Frontend API Layer Design
Design a robust API abstraction layer between your UI and backend: REST vs GraphQL, BFF pattern, client architecture, error handling, and type-safe contracts.
The API layer is the contract between your frontend and the world. Get it wrong, and you'll pay in duplicated logic, brittle error handling, and endless refactoring. Get it right, and your UI components stay simple, your backend can evolve independently, and your team ships faster. This guide covers how to design that layer for production-grade frontends.

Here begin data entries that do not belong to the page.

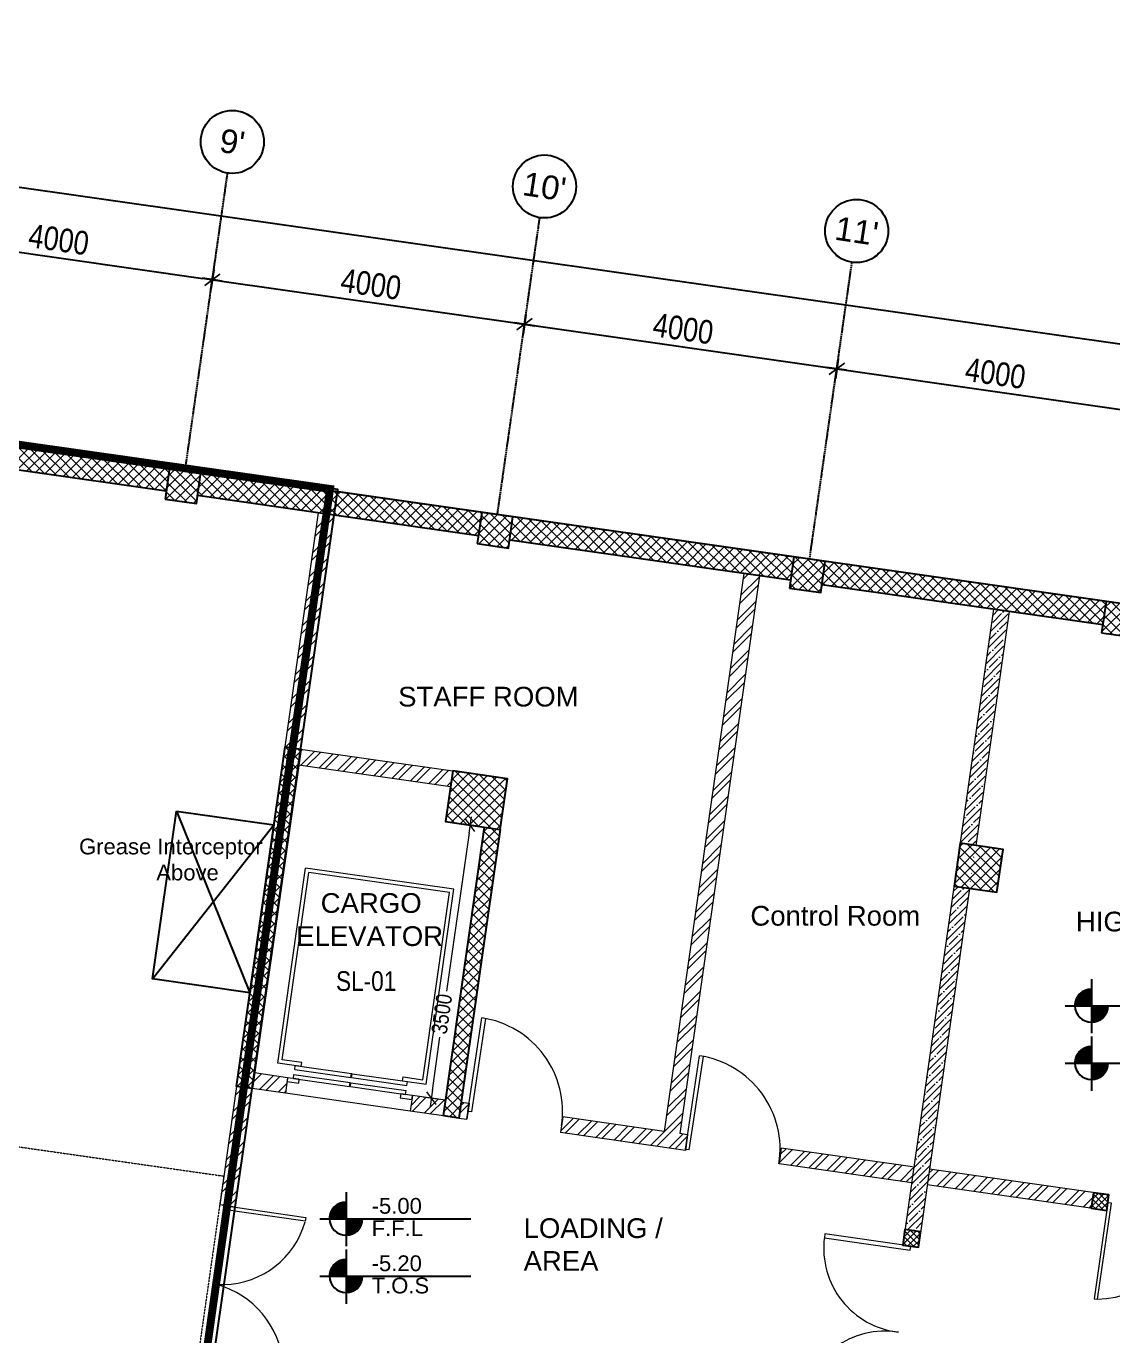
# Model space of a CAD drawing. Header units: inches. Extents: x 1217570 to 1371286, y 326920 to 480291.
# Drawn here: x 1312120 to 1325902, y 358786 to 375402 of the extents above; entities that cross this region are included whole.
import ezdxf
from ezdxf.enums import TextEntityAlignment as Align

# ---------------------------------------------------------------- set-up
doc = ezdxf.new("R2010")
doc.units = ezdxf.units.IN
doc.header["$MEASUREMENT"] = 0
for name, pattern in [('CENTER', [50.8, 31.75, -6.35, 6.35, -6.35]), ('DASHED2', [9.525, 6.35, -3.175]), ('DOT2', [3.175, 0, -3.175]), ('HIDDEN', [9.525, 6.35, -3.175])]:
    doc.linetypes.add(name, pattern=pattern)
for name, color, linetype, lineweight in [('A-BLOCK', 43, 'Continuous', 13), ('A-DIMENSION', 7, 'Continuous', 9), ('A-DOOR', 10, 'Continuous', 15), ('A-ELEVATOR', 54, 'Continuous', 5), ('A-HATCH CONCRETE', 254, 'Continuous', 5), ('A-LEASING LINE', 7, 'DASHED2', 9), ('escape route', 8, 'HIDDEN', 15), ('wall hatch', 252, 'Continuous', 0)]:
    doc.layers.add(name, color=color, linetype=linetype, lineweight=lineweight)
for name, color, linetype in [('A-TEXT', 3, 'Continuous'), ('Axis', 9, 'CENTER'), ('dim-axis', 15, 'Continuous'), ('FFNEW', 252, 'Continuous'), ('S-COL', 210, 'Continuous'), ('S-WALL', 1, 'Continuous'), ('SHAFT', 7, 'Continuous'), ('TAXT', 3, 'Continuous'), ('TEXT', 181, 'Continuous')]:
    doc.layers.add(name, color=color, linetype=linetype)
doc.styles.add('ARIAL', font='ARIALN.TTF')
doc.styles.get("Standard").update_dxf_attribs({"font": 'arial.ttf'})
doc.styles.add('style1', font='arial.ttf')
doc.dimstyles.new('DIM-100', dxfattribs={"dimscale": 150, "dimtxt": 2, "dimasz": 1, "dimexe": 0.75, "dimexo": 1, "dimgap": 0.5, "dimtad": 1, "dimdec": 0, "dimzin": 11, "dimdsep": 46, "dimtxsty": 'ARIAL', "dimblk": 'R', "dimcen": 2.5, "dimdle": 1, "dimclrd": 256, "dimclre": 256, "dimclrt": 256, "dimazin": 0, "dimtfac": 1, "dimtdec": 0, "dimtix": 1, "dimtmove": 2, "dimatfit": 3, "dimldrblk": 'R', "dimtolj": 1, "dimtzin": 3, "dimlwd": -1, "dimlwe": 13, "dimarcsym": 0})
doc.dimstyles.get("Standard").update_dxf_attribs({"dimtxt": 0.18, "dimasz": 0.18, "dimexe": 0.18, "dimexo": 0.0625, "dimgap": 0.09, "dimtad": 0, "dimtih": 1, "dimtoh": 1, "dimdec": 4, "dimzin": 0, "dimdsep": 46, "dimtxsty": 'Standard', "dimcen": 0.09, "dimadec": 0, "dimazin": 0, "dimtfac": 1, "dimtdec": 4, "dimtofl": 0, "dimtmove": 0, "dimatfit": 3, "dimfxl": 1, "dimtolj": 1, "dimtzin": 0, "dimarcsym": 0})
pattern_1 = [(45, (1337614.356, 312749.915), (-39.7747564, 39.7747564), []), (135, (1337614.356, 312749.915), (-39.7747564, -39.7747564), [])]
pattern_2 = [(45, (1337586.92, 312557.07), (-132.58252, 132.58252), []), (45, (1337675.3, 312557.07), (-132.58252, 132.58252), [])]
pattern_3 = [(45, (1337614.36, 312749.915), (-66.29126, 66.29126), []), (135, (1337614.36, 312749.915), (-66.29126, -66.29126), [])]
pattern_4 = [(45, (1337613.73, 312749.915), (-66.29126, 66.29126), []), (135, (1337613.73, 312749.915), (-66.29126, -66.29126), [])]

# ---------------------------------------------------------------- blocks, each defined once
blk = doc.blocks.new('R')
for p, q in [((-1.05, 0), (1.05, 0)), ((0, -1.05), (0, 1.05))]:
    blk.add_line(p, q)
at = {"color": 4, "lineweight": 13}
blk.add_line((-0.71, -0.71), (0.71, 0.71), dxfattribs=at)
blk = doc.blocks.new('*D102')
at = {"layer": 'Defpoints', "color": 0, "transparency": 16777216}
for p in [(1420642, 597441), (1470715, 593565), (1470260, 590370)]:
    blk.add_point(p, dxfattribs=at)
at = {"layer": 'dim-axis', "color": 251, "linetype": 'DOT2', "lineweight": 13, "transparency": 16777216}
for p, q in [((1420663, 597590), (1421113, 600748)), ((1470281, 590519), (1470731, 593676))]:
    blk.add_line(p, q, dxfattribs=at)
at = {"layer": 'dim-axis', "color": 251, "transparency": 16777216}
blk.add_line((1421216, 600619), (1470596, 593582), dxfattribs=at)
at = {"layer": 'dim-axis', "color": 251, "transparency": 16777216, "xscale": 120, "yscale": 120, "zscale": 120}
for p, rotation in [((1421097, 600636), 171.8890881608404), ((1470715, 593565), 351.8890881608405)]:
    blk.add_blockref('R', p, dxfattribs=dict(at, rotation=rotation))
at = {"layer": 'dim-axis', "color": 251, "transparency": 16777216, "insert": (1445938, 597327), "char_height": 300, "attachment_point": 5, "rotation": 351.8891, "style": 'ARIAL'}
blk.add_mtext('\\A1;50119', dxfattribs=at)
blk = doc.blocks.new('*D78')
at = {"layer": 'Defpoints', "color": 0, "transparency": 16777216}
for p in [(1450492, 597002), (1454452, 596437), (1454259, 595084)]:
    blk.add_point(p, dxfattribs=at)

Designing the Abstraction Between UI and Backend
Single Responsibility: UI Doesn't Know About APIs
Components should request data by intent ("get current user's cart") not by mechanism ("GET /api/users/123/cart"). Create a dedicated API layer—often a set of functions or hooks—that encapsulates endpoints, request shapes, and response transformation. Components call getCart() or useCart(); they never import fetch or see a URL.
Layers of Abstraction
A well-structured API layer has three tiers:
- Transport layer: HTTP client setup (base URL, headers, interceptors)
- Endpoint layer: Functions that map to specific API operations (getUser, updateProfile)
- Domain layer: Higher-level operations that may orchestrate multiple calls (checkout = validateCart + createOrder + clearCart)
Keep the transport layer thin and generic; push domain logic into the endpoint and domain layers where it's testable and reusable.
REST vs GraphQL From the Frontend Perspective
When REST Wins
REST excels when your UI maps cleanly to resources and you rarely need to aggregate or reshape data. Simple CRUD apps, dashboards with predefined views, and apps where over-fetching is acceptable often work better with REST. Caching is straightforward (HTTP semantics), tooling is universal, and backend teams can add endpoints incrementally.